- Directed by: Vipin Kapoor
- Written by: Vipin Kapoor
- Produced by: Preeti Gupta
- Music by: Manish Sahriya
- Production companies: Shrihans Arts and Creations Pvt. Ltd., Bolt Entertainment
- Release date: 14 October 2022;
- Running time: 2 hours
- Country: India
- Language: Hindi

= Jaggu Ki Lalten =

Jaggu Ki Lalten is an Indian Hindi-language comedy-drama musical film that was released on 14 October 2022. It was directed and written by Vipin Kapoor, produced by Preeti Gupta, co-produced by Nitin Bharti, and executive produced by Ashish Sharma. The film was created under the Shrihans Arts and Creations Pvt. Ltd. banner in collaboration with Bolt Entertainment. The music for the film was composed by Manish Sahriya, and it stars Rambir Aryam and Neeraj Gupta in the lead roles. The cast also includes Aakriti Bharti, Rajendra Bhatia, Biren Dang, Raaj Gopal Iyer, and Namrita Malla.

== Plot ==
Jaggu ki Lalten tells the story of Hari Lal Bhoot, initially a scrap dealer who later became a successful businessman. Known for his good business sense and kind nature, Hari Lal has a positive reputation in his local community. The film provides a glimpse into the life of an ordinary person who, through successful dealings in the scrap industry, improved his financial situation. Hari Lal faced challenges early in life, which motivated him to make a positive impact on those around him.
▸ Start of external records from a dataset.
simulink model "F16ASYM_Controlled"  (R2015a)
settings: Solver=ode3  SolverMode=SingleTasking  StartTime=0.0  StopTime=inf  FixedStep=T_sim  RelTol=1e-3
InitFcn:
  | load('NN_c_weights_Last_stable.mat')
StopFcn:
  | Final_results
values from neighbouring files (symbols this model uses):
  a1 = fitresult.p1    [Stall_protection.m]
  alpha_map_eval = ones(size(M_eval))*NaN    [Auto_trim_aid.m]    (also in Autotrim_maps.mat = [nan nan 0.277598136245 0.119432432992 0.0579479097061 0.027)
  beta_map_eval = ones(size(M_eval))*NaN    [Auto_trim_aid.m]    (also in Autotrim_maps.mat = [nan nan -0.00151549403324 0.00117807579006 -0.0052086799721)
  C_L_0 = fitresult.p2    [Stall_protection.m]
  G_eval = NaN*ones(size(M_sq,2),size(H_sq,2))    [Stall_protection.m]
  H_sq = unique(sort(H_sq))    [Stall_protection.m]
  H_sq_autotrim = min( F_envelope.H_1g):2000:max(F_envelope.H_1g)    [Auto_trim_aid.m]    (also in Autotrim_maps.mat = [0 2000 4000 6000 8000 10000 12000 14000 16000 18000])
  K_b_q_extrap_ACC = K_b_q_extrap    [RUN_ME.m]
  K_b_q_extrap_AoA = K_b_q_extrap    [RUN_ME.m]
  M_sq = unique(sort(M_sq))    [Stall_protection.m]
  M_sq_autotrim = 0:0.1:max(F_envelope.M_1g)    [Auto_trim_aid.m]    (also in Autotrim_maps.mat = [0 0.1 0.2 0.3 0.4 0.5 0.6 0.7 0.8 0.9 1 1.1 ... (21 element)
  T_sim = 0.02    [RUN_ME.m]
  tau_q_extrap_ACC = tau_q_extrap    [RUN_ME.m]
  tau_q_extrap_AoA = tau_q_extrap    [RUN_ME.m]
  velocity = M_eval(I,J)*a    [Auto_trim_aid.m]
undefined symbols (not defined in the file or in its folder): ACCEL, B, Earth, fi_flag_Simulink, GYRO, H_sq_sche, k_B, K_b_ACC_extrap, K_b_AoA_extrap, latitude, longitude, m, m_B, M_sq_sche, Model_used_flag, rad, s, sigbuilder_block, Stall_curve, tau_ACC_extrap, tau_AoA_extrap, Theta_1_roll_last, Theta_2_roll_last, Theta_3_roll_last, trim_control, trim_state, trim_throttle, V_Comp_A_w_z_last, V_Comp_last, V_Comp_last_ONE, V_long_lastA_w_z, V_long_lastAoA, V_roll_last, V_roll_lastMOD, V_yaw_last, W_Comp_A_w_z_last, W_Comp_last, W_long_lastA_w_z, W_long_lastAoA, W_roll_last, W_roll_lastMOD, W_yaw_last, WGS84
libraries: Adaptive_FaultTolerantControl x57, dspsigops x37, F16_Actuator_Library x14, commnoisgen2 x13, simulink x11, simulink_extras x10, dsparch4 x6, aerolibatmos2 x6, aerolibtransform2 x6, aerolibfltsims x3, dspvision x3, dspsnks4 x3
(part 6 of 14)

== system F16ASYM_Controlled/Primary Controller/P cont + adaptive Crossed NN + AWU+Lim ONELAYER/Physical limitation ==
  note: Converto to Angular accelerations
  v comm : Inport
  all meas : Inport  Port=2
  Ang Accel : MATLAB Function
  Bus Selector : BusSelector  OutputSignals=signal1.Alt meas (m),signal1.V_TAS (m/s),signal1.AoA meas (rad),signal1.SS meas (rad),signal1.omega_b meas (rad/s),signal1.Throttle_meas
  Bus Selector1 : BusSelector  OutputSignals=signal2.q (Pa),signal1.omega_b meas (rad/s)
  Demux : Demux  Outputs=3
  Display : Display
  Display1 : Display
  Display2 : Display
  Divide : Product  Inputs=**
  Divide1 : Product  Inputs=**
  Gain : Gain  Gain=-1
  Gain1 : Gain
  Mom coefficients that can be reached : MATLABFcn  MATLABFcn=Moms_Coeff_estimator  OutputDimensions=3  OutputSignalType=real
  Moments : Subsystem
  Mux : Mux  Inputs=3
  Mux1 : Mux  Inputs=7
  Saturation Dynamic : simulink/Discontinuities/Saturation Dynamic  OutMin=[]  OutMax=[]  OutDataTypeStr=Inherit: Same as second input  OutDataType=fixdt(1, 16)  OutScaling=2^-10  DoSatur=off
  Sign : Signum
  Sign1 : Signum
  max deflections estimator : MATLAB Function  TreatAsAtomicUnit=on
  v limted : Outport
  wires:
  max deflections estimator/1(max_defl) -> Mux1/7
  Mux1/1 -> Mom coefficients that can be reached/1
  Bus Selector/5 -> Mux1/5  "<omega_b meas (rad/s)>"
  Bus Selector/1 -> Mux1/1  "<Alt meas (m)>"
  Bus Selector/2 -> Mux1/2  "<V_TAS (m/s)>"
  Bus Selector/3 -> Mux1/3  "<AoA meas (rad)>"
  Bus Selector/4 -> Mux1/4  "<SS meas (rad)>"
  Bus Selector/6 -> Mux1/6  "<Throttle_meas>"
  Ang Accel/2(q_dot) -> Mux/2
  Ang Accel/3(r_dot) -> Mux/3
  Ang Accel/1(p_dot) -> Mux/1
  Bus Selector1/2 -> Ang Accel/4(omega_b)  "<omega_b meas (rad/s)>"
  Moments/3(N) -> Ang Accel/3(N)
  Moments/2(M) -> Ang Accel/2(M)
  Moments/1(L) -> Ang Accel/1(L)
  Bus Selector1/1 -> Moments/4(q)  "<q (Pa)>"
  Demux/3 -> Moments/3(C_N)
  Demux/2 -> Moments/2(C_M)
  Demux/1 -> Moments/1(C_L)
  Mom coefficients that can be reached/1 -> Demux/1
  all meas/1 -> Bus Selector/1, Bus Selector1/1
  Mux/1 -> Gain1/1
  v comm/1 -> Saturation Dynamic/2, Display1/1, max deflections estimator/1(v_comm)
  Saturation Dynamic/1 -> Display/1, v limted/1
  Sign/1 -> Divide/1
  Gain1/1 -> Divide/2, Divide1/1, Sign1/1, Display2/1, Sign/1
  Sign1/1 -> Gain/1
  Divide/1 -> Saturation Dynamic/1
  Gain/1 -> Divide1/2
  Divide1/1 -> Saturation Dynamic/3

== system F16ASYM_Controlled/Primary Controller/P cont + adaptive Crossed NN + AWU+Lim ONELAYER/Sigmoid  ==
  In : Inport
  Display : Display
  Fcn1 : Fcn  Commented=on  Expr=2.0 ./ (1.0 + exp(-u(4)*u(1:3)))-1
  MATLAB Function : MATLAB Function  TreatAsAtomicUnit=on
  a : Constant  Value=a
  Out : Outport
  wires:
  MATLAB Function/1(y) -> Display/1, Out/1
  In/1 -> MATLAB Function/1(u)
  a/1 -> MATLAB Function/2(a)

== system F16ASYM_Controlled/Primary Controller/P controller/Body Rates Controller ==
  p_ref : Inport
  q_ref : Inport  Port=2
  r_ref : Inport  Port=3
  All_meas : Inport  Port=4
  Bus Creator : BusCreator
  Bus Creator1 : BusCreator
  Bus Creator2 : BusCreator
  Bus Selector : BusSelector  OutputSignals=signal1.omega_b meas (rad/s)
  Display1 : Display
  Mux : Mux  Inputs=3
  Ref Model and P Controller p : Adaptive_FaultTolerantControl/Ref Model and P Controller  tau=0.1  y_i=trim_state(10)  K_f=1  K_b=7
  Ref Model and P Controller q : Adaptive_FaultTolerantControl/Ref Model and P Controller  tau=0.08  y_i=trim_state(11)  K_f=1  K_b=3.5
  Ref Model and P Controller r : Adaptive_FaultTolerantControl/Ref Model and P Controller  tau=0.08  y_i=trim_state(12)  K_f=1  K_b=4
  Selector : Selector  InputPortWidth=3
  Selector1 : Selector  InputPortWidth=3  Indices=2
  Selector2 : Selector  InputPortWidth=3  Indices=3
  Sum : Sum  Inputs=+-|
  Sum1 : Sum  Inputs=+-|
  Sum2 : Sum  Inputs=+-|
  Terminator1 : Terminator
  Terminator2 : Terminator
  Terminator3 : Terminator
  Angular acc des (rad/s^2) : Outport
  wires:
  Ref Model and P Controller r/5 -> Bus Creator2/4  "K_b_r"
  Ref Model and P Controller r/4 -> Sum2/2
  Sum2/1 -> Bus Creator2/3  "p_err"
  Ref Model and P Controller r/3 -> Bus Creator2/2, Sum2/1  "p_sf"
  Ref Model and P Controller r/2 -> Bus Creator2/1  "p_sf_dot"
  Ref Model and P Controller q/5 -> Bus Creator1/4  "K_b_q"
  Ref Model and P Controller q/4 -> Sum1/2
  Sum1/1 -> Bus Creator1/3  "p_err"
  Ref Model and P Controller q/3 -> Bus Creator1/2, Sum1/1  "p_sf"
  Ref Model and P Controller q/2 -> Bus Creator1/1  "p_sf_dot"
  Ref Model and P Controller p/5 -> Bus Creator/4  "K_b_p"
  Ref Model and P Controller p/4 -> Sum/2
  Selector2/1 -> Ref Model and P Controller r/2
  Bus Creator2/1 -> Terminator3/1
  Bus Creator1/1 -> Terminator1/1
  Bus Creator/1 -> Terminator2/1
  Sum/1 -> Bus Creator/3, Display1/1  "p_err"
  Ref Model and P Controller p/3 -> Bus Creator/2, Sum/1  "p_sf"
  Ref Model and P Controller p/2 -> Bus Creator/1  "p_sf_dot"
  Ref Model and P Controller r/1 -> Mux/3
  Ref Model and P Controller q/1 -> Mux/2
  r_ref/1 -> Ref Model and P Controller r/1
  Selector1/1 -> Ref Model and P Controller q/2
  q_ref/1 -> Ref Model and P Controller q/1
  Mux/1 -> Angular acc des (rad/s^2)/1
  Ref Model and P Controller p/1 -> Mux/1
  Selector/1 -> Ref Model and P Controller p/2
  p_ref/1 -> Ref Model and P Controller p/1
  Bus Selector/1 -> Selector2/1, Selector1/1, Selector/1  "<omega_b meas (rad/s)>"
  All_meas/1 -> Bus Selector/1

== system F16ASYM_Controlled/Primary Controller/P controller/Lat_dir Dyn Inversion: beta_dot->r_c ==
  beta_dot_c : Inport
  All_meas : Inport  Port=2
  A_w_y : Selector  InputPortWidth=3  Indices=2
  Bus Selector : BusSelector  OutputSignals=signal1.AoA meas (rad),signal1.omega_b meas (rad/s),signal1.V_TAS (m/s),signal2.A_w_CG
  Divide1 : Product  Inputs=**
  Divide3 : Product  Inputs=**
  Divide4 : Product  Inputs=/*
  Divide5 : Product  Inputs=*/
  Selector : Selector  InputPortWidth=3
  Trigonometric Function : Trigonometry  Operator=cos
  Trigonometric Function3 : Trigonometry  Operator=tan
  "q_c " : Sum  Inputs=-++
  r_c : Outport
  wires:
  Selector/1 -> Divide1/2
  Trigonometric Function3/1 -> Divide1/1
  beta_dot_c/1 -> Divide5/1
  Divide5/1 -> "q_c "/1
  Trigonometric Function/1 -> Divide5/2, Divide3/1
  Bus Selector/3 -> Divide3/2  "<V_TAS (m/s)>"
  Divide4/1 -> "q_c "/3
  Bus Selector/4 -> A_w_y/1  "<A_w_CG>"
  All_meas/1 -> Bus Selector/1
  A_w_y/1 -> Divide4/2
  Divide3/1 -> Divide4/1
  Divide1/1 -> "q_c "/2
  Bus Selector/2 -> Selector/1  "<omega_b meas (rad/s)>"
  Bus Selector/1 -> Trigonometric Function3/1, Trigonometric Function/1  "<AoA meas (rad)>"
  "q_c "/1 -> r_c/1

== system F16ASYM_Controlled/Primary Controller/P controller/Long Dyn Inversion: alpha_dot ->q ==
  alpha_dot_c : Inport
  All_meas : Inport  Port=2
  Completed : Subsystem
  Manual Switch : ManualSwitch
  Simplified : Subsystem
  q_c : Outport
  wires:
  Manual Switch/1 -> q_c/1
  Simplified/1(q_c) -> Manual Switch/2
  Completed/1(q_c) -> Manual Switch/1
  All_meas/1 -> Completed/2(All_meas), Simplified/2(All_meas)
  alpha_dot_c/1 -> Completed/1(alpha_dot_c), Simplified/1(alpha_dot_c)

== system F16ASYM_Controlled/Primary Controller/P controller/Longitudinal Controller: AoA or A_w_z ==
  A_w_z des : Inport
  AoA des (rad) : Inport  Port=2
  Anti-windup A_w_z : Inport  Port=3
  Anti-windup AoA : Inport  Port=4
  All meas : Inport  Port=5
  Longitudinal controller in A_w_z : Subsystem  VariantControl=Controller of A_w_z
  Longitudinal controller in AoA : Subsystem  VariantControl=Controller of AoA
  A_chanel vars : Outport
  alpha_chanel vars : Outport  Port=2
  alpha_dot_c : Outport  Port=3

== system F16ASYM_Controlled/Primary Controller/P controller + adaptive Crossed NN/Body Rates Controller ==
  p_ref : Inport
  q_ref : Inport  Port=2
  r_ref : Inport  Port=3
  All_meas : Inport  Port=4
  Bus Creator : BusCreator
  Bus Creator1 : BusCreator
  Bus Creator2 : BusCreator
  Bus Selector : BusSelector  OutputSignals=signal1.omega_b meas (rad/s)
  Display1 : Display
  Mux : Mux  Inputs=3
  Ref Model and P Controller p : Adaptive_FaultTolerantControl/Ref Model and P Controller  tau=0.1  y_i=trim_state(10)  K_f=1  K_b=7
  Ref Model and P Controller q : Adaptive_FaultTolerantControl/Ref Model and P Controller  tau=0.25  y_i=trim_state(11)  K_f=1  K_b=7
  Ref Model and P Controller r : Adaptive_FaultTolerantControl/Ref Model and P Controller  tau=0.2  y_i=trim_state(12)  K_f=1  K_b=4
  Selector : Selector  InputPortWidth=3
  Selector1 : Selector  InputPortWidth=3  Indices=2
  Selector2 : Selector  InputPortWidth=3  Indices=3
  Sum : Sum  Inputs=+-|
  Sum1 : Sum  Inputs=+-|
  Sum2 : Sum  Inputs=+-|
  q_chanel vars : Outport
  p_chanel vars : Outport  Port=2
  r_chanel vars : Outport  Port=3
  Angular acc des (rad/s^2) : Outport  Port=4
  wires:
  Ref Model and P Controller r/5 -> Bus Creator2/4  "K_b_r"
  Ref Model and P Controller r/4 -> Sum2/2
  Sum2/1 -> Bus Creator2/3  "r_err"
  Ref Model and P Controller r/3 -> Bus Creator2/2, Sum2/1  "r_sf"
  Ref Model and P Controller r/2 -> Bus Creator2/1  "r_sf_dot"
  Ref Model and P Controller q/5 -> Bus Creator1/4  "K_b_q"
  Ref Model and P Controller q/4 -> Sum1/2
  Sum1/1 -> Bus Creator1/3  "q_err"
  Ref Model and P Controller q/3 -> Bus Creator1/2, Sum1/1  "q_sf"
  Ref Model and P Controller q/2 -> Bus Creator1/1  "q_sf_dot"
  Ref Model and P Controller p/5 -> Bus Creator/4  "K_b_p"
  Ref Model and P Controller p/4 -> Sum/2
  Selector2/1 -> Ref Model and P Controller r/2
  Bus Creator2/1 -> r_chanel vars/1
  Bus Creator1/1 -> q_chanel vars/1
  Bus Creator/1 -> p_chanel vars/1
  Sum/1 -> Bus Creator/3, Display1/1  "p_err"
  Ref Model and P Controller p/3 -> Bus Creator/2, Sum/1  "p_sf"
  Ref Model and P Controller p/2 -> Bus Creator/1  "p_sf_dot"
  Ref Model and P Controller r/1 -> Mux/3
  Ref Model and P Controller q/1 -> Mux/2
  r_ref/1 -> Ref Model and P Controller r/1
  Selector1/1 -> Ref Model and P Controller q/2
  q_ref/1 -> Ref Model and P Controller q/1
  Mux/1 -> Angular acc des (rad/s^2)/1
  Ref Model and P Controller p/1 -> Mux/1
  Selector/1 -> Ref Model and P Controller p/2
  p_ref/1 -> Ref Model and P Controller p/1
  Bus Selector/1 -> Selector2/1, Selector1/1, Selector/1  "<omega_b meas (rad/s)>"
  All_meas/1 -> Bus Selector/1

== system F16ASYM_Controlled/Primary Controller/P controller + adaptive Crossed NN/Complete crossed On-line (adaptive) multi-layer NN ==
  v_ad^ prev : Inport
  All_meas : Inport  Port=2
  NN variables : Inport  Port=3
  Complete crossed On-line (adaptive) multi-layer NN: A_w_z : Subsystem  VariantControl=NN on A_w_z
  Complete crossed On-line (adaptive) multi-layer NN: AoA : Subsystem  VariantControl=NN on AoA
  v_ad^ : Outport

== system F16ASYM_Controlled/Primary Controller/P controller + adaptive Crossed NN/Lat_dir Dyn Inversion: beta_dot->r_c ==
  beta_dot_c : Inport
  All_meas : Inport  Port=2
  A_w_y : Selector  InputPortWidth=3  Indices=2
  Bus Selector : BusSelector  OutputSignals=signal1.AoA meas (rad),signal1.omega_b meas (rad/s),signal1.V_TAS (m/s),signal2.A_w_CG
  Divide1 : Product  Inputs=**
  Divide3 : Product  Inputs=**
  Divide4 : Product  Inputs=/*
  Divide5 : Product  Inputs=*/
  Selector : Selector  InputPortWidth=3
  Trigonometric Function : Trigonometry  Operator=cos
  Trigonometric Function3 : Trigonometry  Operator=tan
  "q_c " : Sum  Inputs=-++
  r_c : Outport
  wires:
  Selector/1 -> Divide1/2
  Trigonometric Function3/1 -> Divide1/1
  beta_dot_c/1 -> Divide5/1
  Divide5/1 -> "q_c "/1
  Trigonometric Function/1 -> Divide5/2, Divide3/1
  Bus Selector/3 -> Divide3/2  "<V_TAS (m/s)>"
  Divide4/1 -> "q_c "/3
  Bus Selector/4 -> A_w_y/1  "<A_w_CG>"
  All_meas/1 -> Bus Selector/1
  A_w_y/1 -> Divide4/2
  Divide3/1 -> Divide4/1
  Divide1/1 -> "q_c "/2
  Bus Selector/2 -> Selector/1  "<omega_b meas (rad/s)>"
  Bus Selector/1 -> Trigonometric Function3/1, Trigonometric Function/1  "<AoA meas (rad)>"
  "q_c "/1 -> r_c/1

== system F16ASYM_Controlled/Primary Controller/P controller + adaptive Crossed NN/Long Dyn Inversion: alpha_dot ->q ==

During a routine business trip, Hari Lal meets Jaggu, an ordinary man facing various challenges. Touched by Jaggu's situation, Hari Lal promises to help him get his life back on track. The story unfolds, showing Hari Lal's commitment as he faces different obstacles to fulfill his promise of giving Jaggu the life he deserves.

== Reception ==
A reviewer from Filminformation mentioned that Vipin Kapoor's direction is weak, mirroring the shortcomings of the script. Manish Sahriya's music and background score serve their purpose but don't stand out. The lyrics by Mayank Gera are unremarkable. Sooraj Katoch's choreography is uninspiring, and Jan Kashyap's camerawork doesn't significantly enhance the drama. Puneet Kapoor's production design is unimpressive, and Vikas Phougat's editing is loose.

In a review by Abhishek Srivastava of the Times of India, who gave only 2.5 stars out of 5, it was noted that the comedy in 'Jaggu ki Lalten' is unintentional, but it manages to bring a smile to your face. The sequences featuring Raghuvir Yadav are particularly engaging. This drama is not a bad film overall; it has a good storyline, but the majority of the cast's performances and the direction are below par, which hinders its potential.

Gagan Gurjar of Asianet News described 'Jaggu Ki Lantern' as a wholesome family film with a story and content that deeply touches the heart.